CID-201
- Developer: University of La Habana
- Manufacturer: ICID
- Product family: CID
- Type: Minicomputer
- Generation: Third-generation computer
- Released: 1970; 56 years ago
- Memory: 4K 12 bits words
- Storage: magnetic tape
- Input: switches and keys
- Successor: CID 201-A

= CID-201 =

Digital computer from Cuba

CID 201 was a digital computer produced in Cuba in 1970.

==History==
Cuba had already produced the analog computer SILNA 999. In 1969, the Cuban leader Fidel Castro asked during a visit to the University of Havana if Cuba could produce a digital computer.
The Centro de Investigaciones Digitales (CID, "Center for Digital Researches") was formed.
The project was directed by Luis Carrasco and mostly designed by Orlando Ramos.
The first version was designed using transistors, but after the introduction of integrated circuits, the design was changed.
It was inspired by the American 1965 PDP-8.
The components were mostly Japanese, due to the American embargo on Cuba.

On 18 April 1970, the first computer was produced.
It was named CID 201 following the earlier digital watch CID 101.
It could do 25 000 additions/second.
Its memory held 4 096 12-bit words.
It was considered a third-generation computer.

It could be programmed in LEAL (Lenguaje Algorítmico, "algorithmic language").

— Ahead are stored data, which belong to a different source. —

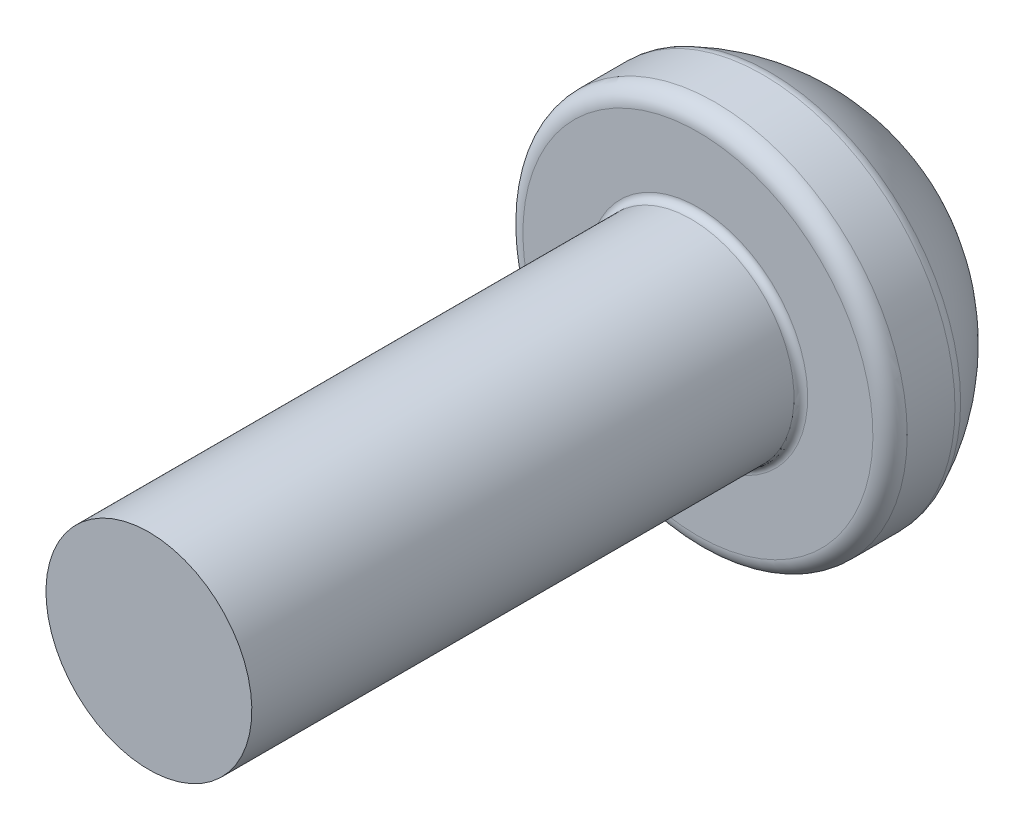
ISO-10303-21;
HEADER;
FILE_DESCRIPTION(('STEP AP214'),'2;1');
FILE_NAME('part.step','',(''),(''),'','','');
FILE_SCHEMA(('AUTOMOTIVE_DESIGN { 1 0 10303 214 1 1 1 1 }'));
ENDSEC;
DATA;
#1=APPLICATION_CONTEXT('core data for automotive mechanical design processes');
#2=APPLICATION_PROTOCOL_DEFINITION('international standard','automotive_design',2000,#1);
#3=PRODUCT_CONTEXT('',#1,'mechanical');
#4=PRODUCT('Part','Part','',(#3));
#5=PRODUCT_RELATED_PRODUCT_CATEGORY('part','',(#4));
#6=PRODUCT_DEFINITION_FORMATION('','',#4);
#7=PRODUCT_DEFINITION_CONTEXT('part definition',#1,'design');
#8=PRODUCT_DEFINITION('design','',#6,#7);
#9=PRODUCT_DEFINITION_SHAPE('','',#8);
#10=(LENGTH_UNIT() NAMED_UNIT(*) SI_UNIT(.MILLI.,.METRE.));
#11=(NAMED_UNIT(*) PLANE_ANGLE_UNIT() SI_UNIT($,.RADIAN.));
#12=(NAMED_UNIT(*) SI_UNIT($,.STERADIAN.) SOLID_ANGLE_UNIT());
#13=UNCERTAINTY_MEASURE_WITH_UNIT(LENGTH_MEASURE(1.E-05),#10,'distance_accuracy_value','');
#14=(GEOMETRIC_REPRESENTATION_CONTEXT(3) GLOBAL_UNCERTAINTY_ASSIGNED_CONTEXT((#13)) GLOBAL_UNIT_ASSIGNED_CONTEXT((#10,
#11,#12)) REPRESENTATION_CONTEXT('',''));
#15=CARTESIAN_POINT('',(0.,0.,0.));
#16=DIRECTION('',(0.,0.,1.));
#17=DIRECTION('',(1.,0.,0.));
#18=AXIS2_PLACEMENT_3D('',#15,#16,#17);
#19=CARTESIAN_POINT('',(0.,0.,7.99999999999996));
#20=DIRECTION('',(0.,0.,1.));
#21=DIRECTION('',(0.,-1.00000000000001,0.));
#22=AXIS2_PLACEMENT_3D('',#19,#20,#21);
#23=PLANE('',#22);
#24=CARTESIAN_POINT('',(0.,0.,7.99999999999996));
#25=DIRECTION('',(0.,0.,-1.));
#26=DIRECTION('',(0.,1.00000000000001,0.));
#27=AXIS2_PLACEMENT_3D('',#24,#25,#26);
#28=CIRCLE('',#27,1.5);
#29=CARTESIAN_POINT('',(0.,1.49999999999995,7.99999999999996));
#30=VERTEX_POINT('',#29);
#31=EDGE_CURVE('E264',#30,#30,#28,.T.);
#32=ORIENTED_EDGE('',*,*,#31,.F.);
#33=EDGE_LOOP('',(#32));
#34=FACE_BOUND('',#33,.T.);
#35=ADVANCED_FACE('F32',(#34),#23,.T.);
#36=CARTESIAN_POINT('',(0.,0.,-2.4));
#37=DIRECTION('',(0.,0.,-1.));
#38=DIRECTION('',(0.,1.00000000000001,0.));
#39=AXIS2_PLACEMENT_3D('',#36,#37,#38);
#40=CYLINDRICAL_SURFACE('',#39,1.5);
#41=CARTESIAN_POINT('',(0.,0.,0.0999999999999994));
#42=DIRECTION('',(0.,0.,1.));
#43=DIRECTION('',(0.,-1.00000000000001,0.));
#44=AXIS2_PLACEMENT_3D('',#41,#42,#43);
#45=CIRCLE('',#44,1.5);
#46=CARTESIAN_POINT('',(0.,-1.50000000000001,0.0999999999999975));
#47=VERTEX_POINT('',#46);
#48=EDGE_CURVE('E270',#47,#47,#45,.T.);
#49=ORIENTED_EDGE('',*,*,#48,.T.);
#50=EDGE_LOOP('',(#49));
#51=FACE_BOUND('',#50,.T.);
#52=ORIENTED_EDGE('',*,*,#31,.T.);
#53=EDGE_LOOP('',(#52));
#54=FACE_BOUND('',#53,.T.);
#55=ADVANCED_FACE('F305',(#51,#54),#40,.T.);
#56=CARTESIAN_POINT('',(0.,1.5,0.));
#57=DIRECTION('',(0.,0.,1.));
#58=DIRECTION('',(0.,-1.00000000000001,0.));
#59=AXIS2_PLACEMENT_3D('',#56,#57,#58);
#60=PLANE('',#59);
#61=CARTESIAN_POINT('',(0.,0.,0.));
#62=DIRECTION('',(0.,0.,1.));
#63=DIRECTION('',(0.,-1.00000000000001,0.));
#64=AXIS2_PLACEMENT_3D('',#61,#62,#63);
#65=CIRCLE('',#64,2.55);
#66=CARTESIAN_POINT('',(0.,-2.55000000000001,0.));
#67=VERTEX_POINT('',#66);
#68=EDGE_CURVE('E11',#67,#67,#65,.T.);
#69=ORIENTED_EDGE('',*,*,#68,.T.);
#70=EDGE_LOOP('',(#69));
#71=FACE_BOUND('',#70,.T.);
#72=CARTESIAN_POINT('',(0.,0.,0.));
#73=DIRECTION('',(0.,0.,1.));
#74=DIRECTION('',(0.,-1.00000000000001,0.));
#75=AXIS2_PLACEMENT_3D('',#72,#73,#74);
#76=CIRCLE('',#75,1.6);
#77=CARTESIAN_POINT('',(0.,-1.60000000000001,0.));
#78=VERTEX_POINT('',#77);
#79=EDGE_CURVE('E267',#78,#78,#76,.F.);
#80=ORIENTED_EDGE('',*,*,#79,.T.);
#81=EDGE_LOOP('',(#80));
#82=FACE_BOUND('',#81,.T.);
#83=ADVANCED_FACE('F310',(#71,#82),#60,.T.);
#84=CARTESIAN_POINT('',(0.,0.,-2.4));
#85=DIRECTION('',(0.,0.,-1.));
#86=DIRECTION('',(0.,1.00000000000001,0.));
#87=AXIS2_PLACEMENT_3D('',#84,#85,#86);
#88=CYLINDRICAL_SURFACE('',#87,2.8);
#89=CARTESIAN_POINT('',(0.,0.,-0.945424841825027));
#90=DIRECTION('',(0.,0.,1.));
#91=DIRECTION('',(0.,-1.00000000000001,0.));
#92=AXIS2_PLACEMENT_3D('',#89,#90,#91);
#93=CIRCLE('',#92,2.8);
#94=CARTESIAN_POINT('',(0.,-2.80000000000004,-0.94542484182503));
#95=VERTEX_POINT('',#94);
#96=EDGE_CURVE('E39',#95,#95,#93,.T.);
#97=ORIENTED_EDGE('',*,*,#96,.T.);
#98=EDGE_LOOP('',(#97));
#99=FACE_BOUND('',#98,.T.);
#100=CARTESIAN_POINT('',(0.,0.,-0.25));
#101=DIRECTION('',(0.,0.,1.));
#102=DIRECTION('',(0.,-1.00000000000001,0.));
#103=AXIS2_PLACEMENT_3D('',#100,#101,#102);
#104=CIRCLE('',#103,2.8);
#105=CARTESIAN_POINT('',(0.,-2.80000000000002,-0.250000000000004));
#106=VERTEX_POINT('',#105);
#107=EDGE_CURVE('E276',#106,#106,#104,.F.);
#108=ORIENTED_EDGE('',*,*,#107,.T.);
#109=EDGE_LOOP('',(#108));
#110=FACE_BOUND('',#109,.T.);
#111=ADVANCED_FACE('F281',(#99,#110),#88,.T.);
#112=CARTESIAN_POINT('',(0.,0.,0.253));
#113=DIRECTION('',(0.,0.,-1.));
#114=DIRECTION('',(0.,1.00000000000001,0.));
#115=AXIS2_PLACEMENT_3D('',#112,#113,#114);
#116=SPHERICAL_SURFACE('',#115,3.06757379699332);
#117=CARTESIAN_POINT('',(0.,0.,-1.05175966463463));
#118=DIRECTION('',(0.,0.,1.));
#119=DIRECTION('',(0.,-1.00000000000001,0.));
#120=AXIS2_PLACEMENT_3D('',#117,#118,#119);
#121=CIRCLE('',#120,2.77625849256558);
#122=CARTESIAN_POINT('',(0.,2.7762584925656,-1.05175966463463));
#123=VERTEX_POINT('',#122);
#124=EDGE_CURVE('E273',#123,#123,#121,.F.);
#125=CARTESIAN_POINT('',(0.,0.,-2.4));
#126=DIRECTION('',(0.,0.,-1.));
#127=DIRECTION('',(0.,1.00000000000001,0.));
#128=AXIS2_PLACEMENT_3D('',#125,#126,#127);
#129=CIRCLE('',#128,1.54);
#130=CARTESIAN_POINT('',(0.,1.54,-2.4));
#131=VERTEX_POINT('',#130);
#132=EDGE_CURVE('E260',#131,#131,#129,.T.);
#133=CARTESIAN_POINT('',(0.,2.7762584925656,-1.05175966463463));
#134=CARTESIAN_POINT('',(0.,2.7680287356093,-1.06927093928298));
#135=CARTESIAN_POINT('',(0.,2.75963325856511,-1.08670432952202));
#136=CARTESIAN_POINT('',(0.,2.74251396302795,-1.12140914487731));
#137=CARTESIAN_POINT('',(0.,2.73379014453497,-1.13868056999356));
#138=CARTESIAN_POINT('',(0.,2.71601726482718,-1.17305525879907));
#139=CARTESIAN_POINT('',(0.,2.70696820361238,-1.19015852248834));
#140=CARTESIAN_POINT('',(0.,2.68854808514227,-1.22419076788491));
#141=CARTESIAN_POINT('',(0.,2.67917702788696,-1.24111974959222));
#142=CARTESIAN_POINT('',(0.,2.66011627086748,-1.27479736870806));
#143=CARTESIAN_POINT('',(0.,2.65042657110331,-1.29154600611661));
#144=CARTESIAN_POINT('',(0.,2.63073199894965,-1.32485694000622));
#145=CARTESIAN_POINT('',(0.,2.62072712656015,-1.34141923648729));
#146=CARTESIAN_POINT('',(0.,2.60040579128122,-1.37435155831383));
#147=CARTESIAN_POINT('',(0.,2.59008932839178,-1.39072158365931));
#148=CARTESIAN_POINT('',(0.,2.56914850596594,-1.4232635019295));
#149=CARTESIAN_POINT('',(0.,2.55852414642955,-1.43943539485421));
#150=CARTESIAN_POINT('',(0.,2.53697133476197,-1.47157525791774));
#151=CARTESIAN_POINT('',(0.,2.52604288263079,-1.48754322805656));
#152=CARTESIAN_POINT('',(0.,2.50388579871807,-1.51926952820363));
#153=CARTESIAN_POINT('',(0.,2.49265716693654,-1.53502785821189));
#154=CARTESIAN_POINT('',(0.,2.46990374414404,-1.56632923581349));
#155=CARTESIAN_POINT('',(0.,2.45837895313307,-1.58187228340683));
#156=CARTESIAN_POINT('',(0.,2.43503733834351,-1.6127375309767));
#157=CARTESIAN_POINT('',(0.,2.42322051456493,-1.62805973095323));
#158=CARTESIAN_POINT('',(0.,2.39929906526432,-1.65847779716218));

A later version was the CID 201-A.
The CID also produced the CID 201-B, CID-300/10, CID-1408 and CID-1417.
Among the peripherals produced, several thousands of displays were exported to the Soviet Union.

==Application==
The first computer was installed in the sugar refinery Camilo Cienfuegos to control the railroad traffic during the sugarcane harvest.
Another one was installed in the Ecuador refinery.

==Legacy==
- On 2010, the Cuban Administración Postal issued a stamp commemorating the CID-201.